_STORED DATA_.
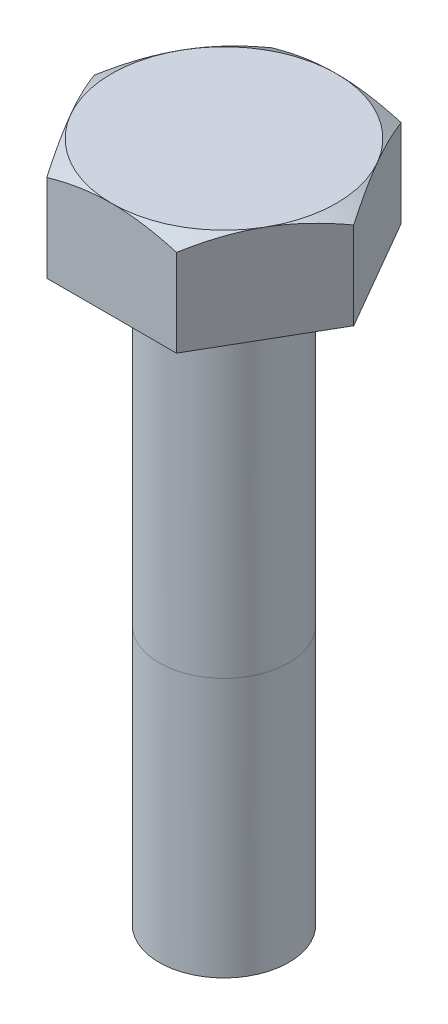
ISO-10303-21;
HEADER;
FILE_DESCRIPTION(('STEP AP214'),'2;1');
FILE_NAME('part.step','',(''),(''),'','','');
FILE_SCHEMA(('AUTOMOTIVE_DESIGN { 1 0 10303 214 1 1 1 1 }'));
ENDSEC;
DATA;
#1=APPLICATION_CONTEXT('core data for automotive mechanical design processes');
#2=APPLICATION_PROTOCOL_DEFINITION('international standard','automotive_design',2000,#1);
#3=PRODUCT_CONTEXT('',#1,'mechanical');
#4=PRODUCT('Part','Part','',(#3));
#5=PRODUCT_RELATED_PRODUCT_CATEGORY('part','',(#4));
#6=PRODUCT_DEFINITION_FORMATION('','',#4);
#7=PRODUCT_DEFINITION_CONTEXT('part definition',#1,'design');
#8=PRODUCT_DEFINITION('design','',#6,#7);
#9=PRODUCT_DEFINITION_SHAPE('','',#8);
#10=(LENGTH_UNIT() NAMED_UNIT(*) SI_UNIT(.MILLI.,.METRE.));
#11=(NAMED_UNIT(*) PLANE_ANGLE_UNIT() SI_UNIT($,.RADIAN.));
#12=(NAMED_UNIT(*) SI_UNIT($,.STERADIAN.) SOLID_ANGLE_UNIT());
#13=UNCERTAINTY_MEASURE_WITH_UNIT(LENGTH_MEASURE(1.E-05),#10,'distance_accuracy_value','');
#14=(GEOMETRIC_REPRESENTATION_CONTEXT(3) GLOBAL_UNCERTAINTY_ASSIGNED_CONTEXT((#13)) GLOBAL_UNIT_ASSIGNED_CONTEXT((#10,
#11,#12)) REPRESENTATION_CONTEXT('',''));
#15=CARTESIAN_POINT('',(0.,0.,0.));
#16=DIRECTION('',(0.,0.,1.));
#17=DIRECTION('',(1.,0.,0.));
#18=AXIS2_PLACEMENT_3D('',#15,#16,#17);
#19=CARTESIAN_POINT('',(0.,-90.,0.));
#20=DIRECTION('',(0.,1.,0.));
#21=DIRECTION('',(0.,0.,1.));
#22=AXIS2_PLACEMENT_3D('',#19,#20,#21);
#23=CYLINDRICAL_SURFACE('',#22,10.);
#24=CARTESIAN_POINT('',(0.,-90.,0.));
#25=DIRECTION('',(0.,-1.,0.));
#26=DIRECTION('',(0.,0.,-1.));
#27=AXIS2_PLACEMENT_3D('',#24,#25,#26);
#28=CIRCLE('',#27,10.);
#29=CARTESIAN_POINT('',(0.,-90.,-10.));
#30=VERTEX_POINT('',#29);
#31=EDGE_CURVE('E266',#30,#30,#28,.T.);
#32=ORIENTED_EDGE('',*,*,#31,.F.);
#33=EDGE_LOOP('',(#32));
#34=FACE_BOUND('',#33,.T.);
#35=CARTESIAN_POINT('',(0.,-50.,0.));
#36=DIRECTION('',(0.,1.,0.));
#37=DIRECTION('',(0.,0.,1.));
#38=AXIS2_PLACEMENT_3D('',#35,#36,#37);
#39=CIRCLE('',#38,10.);
#40=CARTESIAN_POINT('',(0.,-50.,10.));
#41=VERTEX_POINT('',#40);
#42=CARTESIAN_POINT('',(0.,-50.,-10.));
#43=VERTEX_POINT('',#42);
#44=EDGE_CURVE('E12',#41,#43,#39,.T.);
#45=ORIENTED_EDGE('',*,*,#44,.F.);
#46=EDGE_CURVE('E59',#43,#41,#39,.T.);
#47=ORIENTED_EDGE('',*,*,#46,.F.);
#48=EDGE_LOOP('',(#45,#47));
#49=FACE_BOUND('',#48,.T.);
#50=ADVANCED_FACE('F54',(#34,#49),#23,.T.);
#51=CARTESIAN_POINT('',(-10.,15.,17.3205080756888));
#52=DIRECTION('',(0.,0.,-1.));
#53=DIRECTION('',(-1.,0.,0.));
#54=AXIS2_PLACEMENT_3D('',#51,#52,#53);
#55=PLANE('',#54);
#56=CARTESIAN_POINT('',(-35.0002,2.45364774484949,17.3205080756888));
#57=CARTESIAN_POINT('',(-34.594137349599,2.66376511648012,17.3205080756888));
#58=CARTESIAN_POINT('',(-34.187782903959,2.87331841227193,17.3205080756888));
#59=CARTESIAN_POINT('',(-33.3744338694678,3.29118176038433,17.3205080756888));
#60=CARTESIAN_POINT('',(-32.9674392787615,3.49949180909377,17.3205080756888));
#61=CARTESIAN_POINT('',(-31.7453787417217,4.12240059131,17.3205080756888));
#62=CARTESIAN_POINT('',(-30.9292711669501,4.53495975451478,17.3205080756888));
#63=CARTESIAN_POINT('',(-29.2924702097003,5.35411848321641,17.3205080756888));
#64=CARTESIAN_POINT('',(-28.4717716511968,5.76070771838812,17.3205080756888));
#65=CARTESIAN_POINT('',(-26.8264017657733,6.56574726105629,17.3205080756888));
#66=CARTESIAN_POINT('',(-26.0017304995046,6.9641976923242,17.3205080756888));
#67=CARTESIAN_POINT('',(-24.3029908307602,7.77220294530385,17.3205080756888));
#68=CARTESIAN_POINT('',(-23.4286557376069,8.18119873425596,17.3205080756888));
#69=CARTESIAN_POINT('',(-21.6733855750682,8.98490551474932,17.3205080756888));
#70=CARTESIAN_POINT('',(-20.792450242979,9.37961593401695,17.3205080756888));
#71=CARTESIAN_POINT('',(-19.02295102819,10.1503650365485,17.3205080756888));
#72=CARTESIAN_POINT('',(-18.1343914849558,10.5264136090854,17.3205080756888));
#73=CARTESIAN_POINT('',(-16.79417061314,11.072276745268,17.3205080756888));
#74=CARTESIAN_POINT('',(-16.3462126010611,11.2511914561773,17.3205080756888));
#75=CARTESIAN_POINT('',(-15.4475674642222,11.6020195940876,17.3205080756888));
#76=CARTESIAN_POINT('',(-14.9968803941125,11.7739331607596,17.3205080756888));
#77=CARTESIAN_POINT('',(-14.0262783668963,12.1342982457444,17.3205080756888));
#78=CARTESIAN_POINT('',(-13.5058917294667,12.3214842972691,17.3205080756888));
#79=CARTESIAN_POINT('',(-12.4608100305044,12.6833855084323,17.3205080756888));
#80=CARTESIAN_POINT('',(-11.9361151665267,12.8581012363795,17.3205080756888));
#81=CARTESIAN_POINT('',(-10.881940858743,13.19289961425,17.3205080756888));
#82=CARTESIAN_POINT('',(-10.3524604922482,13.3529793731045,17.3205080756888));
#83=CARTESIAN_POINT('',(-9.28857134004602,13.6559344452437,17.3205080756888));
#84=CARTESIAN_POINT('',(-8.75416256248742,13.7988097869689,17.3205080756888));
#85=CARTESIAN_POINT('',(-7.69096618917046,14.0619176794332,17.3205080756888));
#86=CARTESIAN_POINT('',(-7.16227614867952,14.1825418275068,17.3205080756888));
#87=CARTESIAN_POINT('',(-6.10035716875704,14.40175176735,17.3205080756888));
#88=CARTESIAN_POINT('',(-5.5671286312236,14.5003394898638,17.3205080756888));
#89=CARTESIAN_POINT('',(-4.49688553377998,14.6727197767652,17.3205080756888));
#90=CARTESIAN_POINT('',(-3.95987277720629,14.7465234306242,17.3205080756888));
#91=CARTESIAN_POINT('',(-2.88279091983585,14.8670264413517,17.3205080756888));
#92=CARTESIAN_POINT('',(-2.34272186311566,14.9137261880997,17.3205080756888));
#93=CARTESIAN_POINT('',(-1.25267123056077,14.9788391289617,17.3205080756888));
#94=CARTESIAN_POINT('',(-0.702663140287673,14.9968144392807,17.3205080756888));
#95=CARTESIAN_POINT('',(0.39750822446066,15.0024095797508,17.3205080756888));
#96=CARTESIAN_POINT('',(0.947671498865498,14.9900294236495,17.3205080756888));
#97=CARTESIAN_POINT('',(2.04662194168171,14.935394673549,17.3205080756888));
#98=CARTESIAN_POINT('',(2.59540876468069,14.8931332126705,17.3205080756888));
#99=CARTESIAN_POINT('',(3.69004562597623,14.7803083239967,17.3205080756888));
#100=CARTESIAN_POINT('',(4.23589558916494,14.7097441758365,17.3205080756888));
#101=CARTESIAN_POINT('',(5.33479772199172,14.5409743216882,17.3205080756888));
#102=CARTESIAN_POINT('',(5.88776614189482,14.4422283712493,17.3205080756888));
#103=CARTESIAN_POINT('',(6.9888852153133,14.2207291115165,17.3205080756888));
#104=CARTESIAN_POINT('',(7.53703538726093,14.0979734304091,17.3205080756888));
#105=CARTESIAN_POINT('',(8.62832434164041,13.8315420945678,17.3205080756888));
#106=CARTESIAN_POINT('',(9.17146192722064,13.6878615743652,17.3205080756888));
#107=CARTESIAN_POINT('',(10.2526435291594,13.3825660151799,17.3205080756888));
#108=CARTESIAN_POINT('',(10.7906875240284,13.2209509005689,17.3205080756888));
#109=CARTESIAN_POINT('',(11.8578440716817,12.8837498967987,17.3205080756888));
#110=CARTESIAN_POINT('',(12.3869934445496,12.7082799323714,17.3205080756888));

_TASK BRIEF_. The answer should contain only the lines from the beginning of the material above through the line with "#15=CARTESIAN_POINT('',(0.,0.,0.));", retyped exactly, with the pictures removed.

_SOLVED EXERCISE_.
ISO-10303-21;
HEADER;
FILE_DESCRIPTION(('STEP AP214'),'2;1');
FILE_NAME('part.step','',(''),(''),'','','');
FILE_SCHEMA(('AUTOMOTIVE_DESIGN { 1 0 10303 214 1 1 1 1 }'));
ENDSEC;
DATA;
#1=APPLICATION_CONTEXT('core data for automotive mechanical design processes');
#2=APPLICATION_PROTOCOL_DEFINITION('international standard','automotive_design',2000,#1);
#3=PRODUCT_CONTEXT('',#1,'mechanical');
#4=PRODUCT('Part','Part','',(#3));
#5=PRODUCT_RELATED_PRODUCT_CATEGORY('part','',(#4));
#6=PRODUCT_DEFINITION_FORMATION('','',#4);
#7=PRODUCT_DEFINITION_CONTEXT('part definition',#1,'design');
#8=PRODUCT_DEFINITION('design','',#6,#7);
#9=PRODUCT_DEFINITION_SHAPE('','',#8);
#10=(LENGTH_UNIT() NAMED_UNIT(*) SI_UNIT(.MILLI.,.METRE.));
#11=(NAMED_UNIT(*) PLANE_ANGLE_UNIT() SI_UNIT($,.RADIAN.));
#12=(NAMED_UNIT(*) SI_UNIT($,.STERADIAN.) SOLID_ANGLE_UNIT());
#13=UNCERTAINTY_MEASURE_WITH_UNIT(LENGTH_MEASURE(1.E-05),#10,'distance_accuracy_value','');
#14=(GEOMETRIC_REPRESENTATION_CONTEXT(3) GLOBAL_UNCERTAINTY_ASSIGNED_CONTEXT((#13)) GLOBAL_UNIT_ASSIGNED_CONTEXT((#10,
#11,#12)) REPRESENTATION_CONTEXT('',''));
#15=CARTESIAN_POINT('',(0.,0.,0.));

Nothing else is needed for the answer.